Rice is a natural with Chinese food. I posted a recipe for cooking rice in the microwave, because I was always forgetting about it and it would burn. Here it is: http://www.discusscooking.com/forums/showpost.php?p=465760&postcount=8

Good luck.


----------



## Z_X (Mar 4, 2009)

Thanks for the help!  I'm going to give it a shot... I'll prepare the chicken on Friday for dinner Saturday.  And it it turns out awful, I guess that's a good excuse to go out to eat!

I bought some boneless/skinless chicken breast strips, and I'm going to cut them into several pieces.  I don't even own a deep fryer, so I'll have to pick one up tonight.  About how hot and how long should I deep fry the chicken pieces?


----------



## Andy M. (Mar 4, 2009)

Z_X said:


> Thanks for the help!  I'm going to give it a shot... I'll prepare the chicken on Friday for dinner Saturday.  And it it turns out awful, I guess that's a good excuse to go out to eat!
> 
> I bought some boneless/skinless chicken breast strips, and I'm going to cut them into several pieces.  I don't even own a deep fryer, so I'll have to pick one up tonight.  About how hot and how long should I deep fry the chicken pieces?




If you're looking for an excuse to buy a deep fryer, then you absolutely need one for this dish.  Otherwise, you don't need a deep fryer to make this dish.  You can use a wok with oil in it or any straight-sided pan.  The oil should be about 375 F and how long to cook them depends on the size of the pieces.  A few minutes is all it should take.


----------



## jennyema (Mar 4, 2009)

Andy's right.  You don't need a deep fryer.  Just a pan or a wok.

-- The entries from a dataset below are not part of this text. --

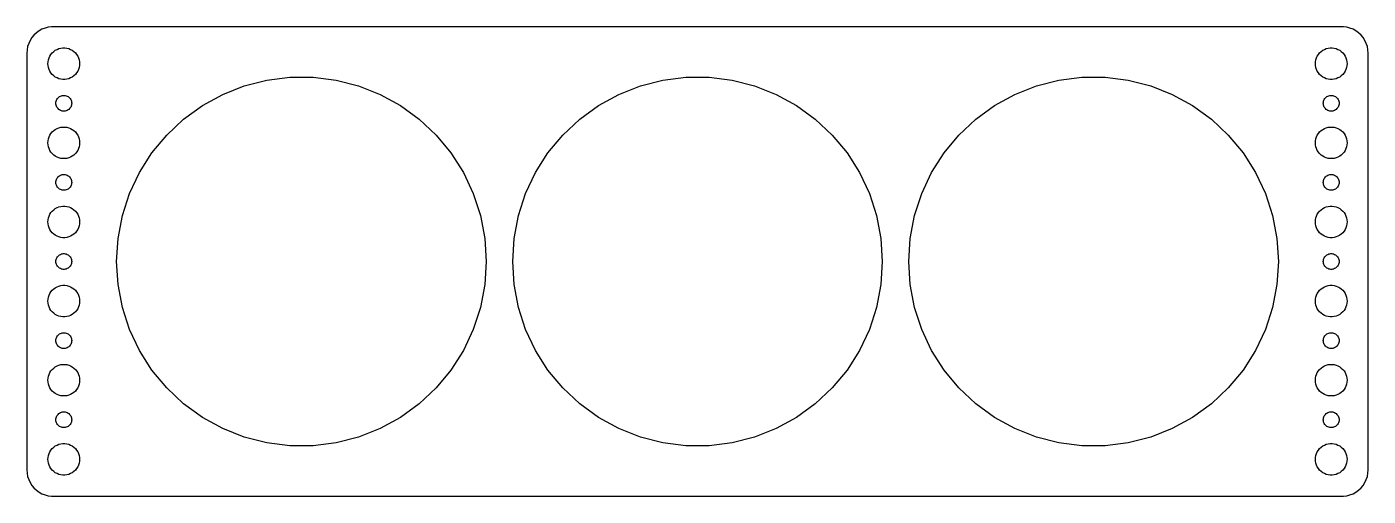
# Model space of a CAD drawing. Header units: metres. Extents: x -127 to 127, y 55 to 143.
import ezdxf

# ---------------------------------------------------------------- set-up
doc = ezdxf.new("R2010")
doc.units = ezdxf.units.M

msp = doc.modelspace()

# ---------------------------------------------------------------- linework, layer by layer
for p, q in [((-125.187, 142.353), (-125.645, 141.923)), ((-124.679, 142.722), (-125.187, 142.353)), ((-124.129, 143.024), (-124.679, 142.722)), ((-123.545, 143.255), (-124.129, 143.024)), ((-122.937, 143.411), (-123.545, 143.255)), ((-122.314, 143.49), (-122.937, 143.411)), ((122.314, 143.49), (-122.314, 143.49)), ((122.937, 143.411), (122.314, 143.49)), ((123.545, 143.255), (122.937, 143.411)), ((124.129, 143.024), (123.545, 143.255)), ((124.679, 142.722), (124.129, 143.024)), ((125.187, 142.353), (124.679, 142.722)), ((125.645, 141.923), (125.187, 142.353)), ((-126.843, 139.743), (-126.961, 139.127)), ((-126.649, 140.341), (-126.843, 139.743)), ((-126.382, 140.909), (-126.649, 140.341)), ((-126.045, 141.439), (-126.382, 140.909)), ((-125.645, 141.923), (-126.045, 141.439)), ((126.045, 141.439), (125.645, 141.923)), ((126.382, 140.909), (126.045, 141.439)), ((126.649, 140.341), (126.382, 140.909)), ((126.843, 139.743), (126.649, 140.341)), ((126.961, 139.127), (126.843, 139.743)), ((-126.961, 139.127), (-127, 138.5)), ((-127, 138.5), (-127, 59.5)), ((-122.976, 136.876), (-122.906, 137.246)), ((-122.906, 137.246), (-122.789, 137.604)), ((-122.789, 137.604), (-122.629, 137.945)), ((-122.629, 137.945), (-122.427, 138.263)), ((-122.427, 138.263), (-122.187, 138.554)), ((-122.187, 138.554), (-121.912, 138.812)), ((-121.912, 138.812), (-121.607, 139.033)), ((-121.607, 139.033), (-121.277, 139.214)), ((-121.277, 139.214), (-120.927, 139.353)), ((-120.927, 139.353), (-120.562, 139.447)), ((-120.562, 139.447), (-120.188, 139.494)), ((-120.188, 139.494), (-119.812, 139.494)), ((-119.812, 139.494), (-119.438, 139.447)), ((-119.438, 139.447), (-119.073, 139.353)), ((-119.073, 139.353), (-118.723, 139.214)), ((-118.723, 139.214), (-118.393, 139.033)), ((-118.393, 139.033), (-118.088, 138.812)), ((-118.088, 138.812), (-117.813, 138.554)), ((-117.813, 138.554), (-117.573, 138.263)), ((-117.573, 138.263), (-117.371, 137.945)), ((-117.371, 137.945), (-117.211, 137.604)), ((-117.211, 137.604), (-117.094, 137.246)), ((-117.094, 137.246), (-117.024, 136.876)), ((117.024, 136.876), (117.094, 137.246)), ((117.094, 137.246), (117.211, 137.604)), ((117.211, 137.604), (117.371, 137.945)), ((117.371, 137.945), (117.573, 138.263)), ((117.573, 138.263), (117.813, 138.554)), ((117.813, 138.554), (118.088, 138.812)), ((118.088, 138.812), (118.393, 139.033)), ((118.393, 139.033), (118.723, 139.214)), ((118.723, 139.214), (119.073, 139.353)), ((119.073, 139.353), (119.438, 139.447)), ((119.438, 139.447), (119.812, 139.494)), ((119.812, 139.494), (120.188, 139.494)), ((120.188, 139.494), (120.562, 139.447)), ((120.562, 139.447), (120.927, 139.353)), ((120.927, 139.353), (121.277, 139.214)), ((121.277, 139.214), (121.607, 139.033)), ((121.607, 139.033), (121.912, 138.812)), ((121.912, 138.812), (122.187, 138.554)), ((122.187, 138.554), (122.427, 138.263)), ((122.427, 138.263), (122.629, 137.945)), ((122.629, 137.945), (122.789, 137.604)), ((122.789, 137.604), (122.906, 137.246)), ((122.906, 137.246), (122.976, 136.876)), ((127, 138.5), (126.961, 139.127)), ((127, 59.5), (127, 138.5)), ((-123, 136.5), (-122.976, 136.876)), ((-122.976, 136.124), (-123, 136.5)), ((-122.906, 135.754), (-122.976, 136.124)), ((-122.789, 135.396), (-122.906, 135.754)), ((-122.629, 135.055), (-122.789, 135.396)), ((-122.427, 134.737), (-122.629, 135.055)), ((-122.187, 134.446), (-122.427, 134.737)), ((-117.573, 134.737), (-117.813, 134.446)), ((-117.371, 135.055), (-117.573, 134.737)), ((-117.211, 135.396), (-117.371, 135.055)), ((-117.094, 135.754), (-117.211, 135.396)), ((-117.024, 136.124), (-117.094, 135.754)), ((-117.024, 136.876), (-117, 136.5)), ((-117, 136.5), (-117.024, 136.124)), ((117, 136.5), (117.024, 136.876)), ((117.024, 136.124), (117, 136.5)), ((117.094, 135.754), (117.024, 136.124)), ((117.211, 135.396), (117.094, 135.754)), ((117.371, 135.055), (117.211, 135.396)), ((117.573, 134.737), (117.371, 135.055)), ((117.813, 134.446), (117.573, 134.737)), ((122.427, 134.737), (122.187, 134.446)), ((122.629, 135.055), (122.427, 134.737)), ((122.789, 135.396), (122.629, 135.055)), ((122.906, 135.754), (122.789, 135.396)), ((122.976, 136.124), (122.906, 135.754)), ((122.976, 136.876), (123, 136.5)), ((123, 136.5), (122.976, 136.124)), ((-121.912, 134.188), (-122.187, 134.446)), ((-121.607, 133.967), (-121.912, 134.188)), ((-121.277, 133.786), (-121.607, 133.967)), ((-120.927, 133.647), (-121.277, 133.786)), ((-120.562, 133.553), (-120.927, 133.647)), ((-120.188, 133.506), (-120.562, 133.553)), ((-119.812, 133.506), (-120.188, 133.506)), ((-119.438, 133.553), (-119.812, 133.506)), ((-119.073, 133.647), (-119.438, 133.553)), ((-118.723, 133.786), (-119.073, 133.647)), ((-118.393, 133.967), (-118.723, 133.786)), ((-118.088, 134.188), (-118.393, 133.967)), ((-117.813, 134.446), (-118.088, 134.188)), ((-89.9023, 130.669), (-85.8156, 132.287)), ((-85.8156, 132.287), (-81.5583, 133.38)), ((-81.5583, 133.38), (-77.1977, 133.931)), ((-77.1977, 133.931), (-72.8023, 133.931)), ((-72.8023, 133.931), (-68.4417, 133.38)), ((-68.4417, 133.38), (-64.1844, 132.287)), ((-64.1844, 132.287), (-60.0977, 130.669)), ((-14.9023, 130.669), (-10.8156, 132.287)), ((-10.8156, 132.287), (-6.5583, 133.38)), ((-6.5583, 133.38), (-2.1977, 133.931)), ((-2.1977, 133.931), (2.1977, 133.931)), ((2.1977, 133.931), (6.5583, 133.38)), ((6.5583, 133.38), (10.8156, 132.287)), ((10.8156, 132.287), (14.9023, 130.669)), ((60.0977, 130.669), (64.1844, 132.287)), ((64.1844, 132.287), (68.4417, 133.38)), ((68.4417, 133.38), (72.8023, 133.931)), ((72.8023, 133.931), (77.1977, 133.931)), ((77.1977, 133.931), (81.5583, 133.38)), ((81.5583, 133.38), (85.8156, 132.287)), ((85.8156, 132.287), (89.9023, 130.669)), ((118.088, 134.188), (117.813, 134.446)), ((118.393, 133.967), (118.088, 134.188)), ((118.723, 133.786), (118.393, 133.967)), ((119.073, 133.647), (118.723, 133.786)), ((119.438, 133.553), (119.073, 133.647)), ((119.812, 133.506), (119.438, 133.553)), ((120.188, 133.506), (119.812, 133.506)), ((120.562, 133.553), (120.188, 133.506)), ((120.927, 133.647), (120.562, 133.553)), ((121.277, 133.786), (120.927, 133.647)), ((121.607, 133.967), (121.277, 133.786)), ((121.912, 134.188), (121.607, 133.967)), ((122.187, 134.446), (121.912, 134.188)), ((-121.453, 129.373), (-121.395, 129.552)), ((-121.395, 129.552), (-121.314, 129.723)), ((-121.314, 129.723), (-121.214, 129.882)), ((-121.214, 129.882), (-121.093, 130.027)), ((-121.093, 130.027), (-120.956, 130.156)), ((-120.956, 130.156), (-120.804, 130.266)), ((-120.804, 130.266), (-120.639, 130.357)), ((-120.639, 130.357), (-120.464, 130.427)), ((-120.464, 130.427), (-120.281, 130.473)), ((-120.281, 130.473), (-120.094, 130.497)), ((-120.094, 130.497), (-119.906, 130.497)), ((-119.906, 130.497), (-119.719, 130.473)), ((-119.719, 130.473), (-119.536, 130.427)), ((-119.536, 130.427), (-119.361, 130.357)), ((-119.361, 130.357), (-119.196, 130.266)), ((-119.196, 130.266), (-119.044, 130.156)), ((-119.044, 130.156), (-118.907, 130.027)), ((-118.907, 130.027), (-118.786, 129.882)), ((-118.786, 129.882), (-118.686, 129.723)), ((-118.686, 129.723), (-118.605, 129.552)), ((-118.605, 129.552), (-118.547, 129.373)), ((-93.7539, 128.551), (-89.9023, 130.669)), ((-60.0977, 130.669), (-56.2461, 128.551)), ((-18.7539, 128.551), (-14.9023, 130.669)), ((14.9023, 130.669), (18.7539, 128.551)), ((56.2461, 128.551), (60.0977, 130.669)), ((89.9023, 130.669), (93.7539, 128.551)), ((118.547, 129.373), (118.605, 129.552)), ((118.605, 129.552), (118.686, 129.723)), ((118.686, 129.723), (118.786, 129.882)), ((118.786, 129.882), (118.907, 130.027)), ((118.907, 130.027), (119.044, 130.156)), ((119.044, 130.156), (119.196, 130.266)), ((119.196, 130.266), (119.361, 130.357)), ((119.361, 130.357), (119.536, 130.427)), ((119.536, 130.427), (119.719, 130.473)), ((119.719, 130.473), (119.906, 130.497)), ((119.906, 130.497), (120.094, 130.497)), ((120.094, 130.497), (120.281, 130.473)), ((120.281, 130.473), (120.464, 130.427)), ((120.464, 130.427), (120.639, 130.357)), ((120.639, 130.357), (120.804, 130.266)), ((120.804, 130.266), (120.956, 130.156)), ((120.956, 130.156), (121.093, 130.027)), ((121.093, 130.027), (121.214, 129.882)), ((121.214, 129.882), (121.314, 129.723)), ((121.314, 129.723), (121.395, 129.552)), ((121.395, 129.552), (121.453, 129.373)), ((-121.5, 129), (-121.488, 129.188)), ((-121.488, 128.812), (-121.5, 129)), ((-121.488, 129.188), (-121.453, 129.373)), ((-121.453, 128.627), (-121.488, 128.812)), ((-121.395, 128.448), (-121.453, 128.627)), ((-121.314, 128.277), (-121.395, 128.448)), ((-121.214, 128.118), (-121.314, 128.277)), ((-121.093, 127.973), (-121.214, 128.118)), ((-120.956, 127.844), (-121.093, 127.973)), ((-120.804, 127.734), (-120.956, 127.844)), ((-120.639, 127.643), (-120.804, 127.734)), ((-120.464, 127.573), (-120.639, 127.643)), ((-120.281, 127.527), (-120.464, 127.573)), ((-120.094, 127.503), (-120.281, 127.527)), ((-119.906, 127.503), (-120.094, 127.503)), ((-119.719, 127.527), (-119.906, 127.503)), ((-119.536, 127.573), (-119.719, 127.527)), ((-119.361, 127.643), (-119.536, 127.573)), ((-119.196, 127.734), (-119.361, 127.643)), ((-119.044, 127.844), (-119.196, 127.734)), ((-118.907, 127.973), (-119.044, 127.844)), ((-118.786, 128.118), (-118.907, 127.973)), ((-118.686, 128.277), (-118.786, 128.118)), ((-118.605, 128.448), (-118.686, 128.277)), ((-118.547, 128.627), (-118.605, 128.448)), ((-118.547, 129.373), (-118.512, 129.188)), ((-118.512, 128.812), (-118.547, 128.627)), ((-118.512, 129.188), (-118.5, 129)), ((-118.5, 129), (-118.512, 128.812)), ((-97.3098, 125.968), (-93.7539, 128.551)), ((-56.2461, 128.551), (-52.6902, 125.968)), ((-22.3098, 125.968), (-18.7539, 128.551)), ((18.7539, 128.551), (22.3098, 125.968)), ((52.6902, 125.968), (56.2461, 128.551)), ((93.7539, 128.551), (97.3098, 125.968)), ((118.5, 129), (118.512, 129.188)), ((118.512, 128.812), (118.5, 129)), ((118.512, 129.188), (118.547, 129.373)), ((118.547, 128.627), (118.512, 128.812)), ((118.605, 128.448), (118.547, 128.627)), ((118.686, 128.277), (118.605, 128.448)), ((118.786, 128.118), (118.686, 128.277)), ((118.907, 127.973), (118.786, 128.118)), ((119.044, 127.844), (118.907, 127.973)), ((119.196, 127.734), (119.044, 127.844)), ((119.361, 127.643), (119.196, 127.734)), ((119.536, 127.573), (119.361, 127.643)), ((119.719, 127.527), (119.536, 127.573)), ((119.906, 127.503), (119.719, 127.527)), ((120.094, 127.503), (119.906, 127.503)), ((120.281, 127.527), (120.094, 127.503)), ((120.464, 127.573), (120.281, 127.527)), ((120.639, 127.643), (120.464, 127.573)), ((120.804, 127.734), (120.639, 127.643)), ((120.956, 127.844), (120.804, 127.734)), ((121.093, 127.973), (120.956, 127.844)), ((121.214, 128.118), (121.093, 127.973)), ((121.314, 128.277), (121.214, 128.118)), ((121.395, 128.448), (121.314, 128.277)), ((121.453, 128.627), (121.395, 128.448)), ((121.453, 129.373), (121.488, 129.188)), ((121.488, 128.812), (121.453, 128.627)), ((121.488, 129.188), (121.5, 129)), ((121.5, 129), (121.488, 128.812)), ((-120.562, 124.447), (-120.188, 124.494)), ((-120.188, 124.494), (-119.812, 124.494)), ((-119.812, 124.494), (-119.438, 124.447)), ((-100.514, 122.959), (-97.3098, 125.968)), ((-52.6902, 125.968), (-49.4861, 122.959)), ((-25.5139, 122.959), (-22.3098, 125.968)), ((22.3098, 125.968), (25.5139, 122.959)), ((49.4861, 122.959), (52.6902, 125.968)), ((97.3098, 125.968), (100.514, 122.959)), ((119.438, 124.447), (119.812, 124.494)), ((119.812, 124.494), (120.188, 124.494)), ((120.188, 124.494), (120.562, 124.447)), ((-122.976, 121.876), (-122.906, 122.246)), ((-122.906, 122.246), (-122.789, 122.604)), ((-122.789, 122.604), (-122.629, 122.945)), ((-122.629, 122.945), (-122.427, 123.263)), ((-122.427, 123.263), (-122.187, 123.554)), ((-122.187, 123.554), (-121.912, 123.812)), ((-121.912, 123.812), (-121.607, 124.033)), ((-121.607, 124.033), (-121.277, 124.214)), ((-121.277, 124.214), (-120.927, 124.353)), ((-120.927, 124.353), (-120.562, 124.447)), ((-119.438, 124.447), (-119.073, 124.353)), ((-119.073, 124.353), (-118.723, 124.214)), ((-118.723, 124.214), (-118.393, 124.033)), ((-118.393, 124.033), (-118.088, 123.812)), ((-118.088, 123.812), (-117.813, 123.554)), ((-117.813, 123.554), (-117.573, 123.263)), ((-117.573, 123.263), (-117.371, 122.945)), ((-117.371, 122.945), (-117.211, 122.604)), ((-117.211, 122.604), (-117.094, 122.246)), ((-117.094, 122.246), (-117.024, 121.876)), ((-103.316, 119.572), (-100.514, 122.959)), ((-49.4861, 122.959), (-46.6844, 119.572)), ((-28.3156, 119.572), (-25.5139, 122.959)), ((25.5139, 122.959), (28.3156, 119.572)), ((46.6844, 119.572), (49.4861, 122.959)), ((100.514, 122.959), (103.316, 119.572)), ((117.024, 121.876), (117.094, 122.246)), ((117.094, 122.246), (117.211, 122.604)), ((117.211, 122.604), (117.371, 122.945)), ((117.371, 122.945), (117.573, 123.263)), ((117.573, 123.263), (117.813, 123.554)), ((117.813, 123.554), (118.088, 123.812)), ((118.088, 123.812), (118.393, 124.033)), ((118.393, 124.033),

And I'm not sure you want to prepare the food the day before.  It will get soggy if you fry it ahead of time.


----------



## Z_X (Mar 4, 2009)

I've never used a wok, it looks complicated!  But I'm willing to give it a shot!  I'll have to go pick one up tomorrow.  What kind of oil should I use?

EDIT: Also, it looks like I'm going to go with Yakuta's recipe for the orange chicken itself.  Can I get you to clarify one thing:

"In a pan, heat some oil. See if you can get your hands on some dried red arabol chilies (available in any grocery stores hispanic isle). Once the oil is hot, add the chilies, next add the sauce. It will thicken due to the corn starch. Next add the chicken from the oven. Toss in some green onions and you are done."

How hot should the oil be, and how much should I use?

I'm not going to prepare it the day before, just gonna do everything at once, so I don't know if that changes anything major.

Thanks!!


----------



## Cooksie (Mar 5, 2009)

Z_X said:


> Any idea what might go well with it, also? I'm assuming rice, but the only two times I've made rice it's turned out crispy, so I'm hoping there's something else, too. Otherwise, lots of practice. Any any kind of rice, if it's gonna be rice? Would Minute Rice type stuff work, or should I go with something more complex?


 
I would not use minute rice under any circumstances. To me, it tastes like little soggy pieces of cardboard and would ruin your dish. Rice cookers/steamers are almost no-fail, and they are handly little appliances to have around for steaming lots of different kinds of vegetables.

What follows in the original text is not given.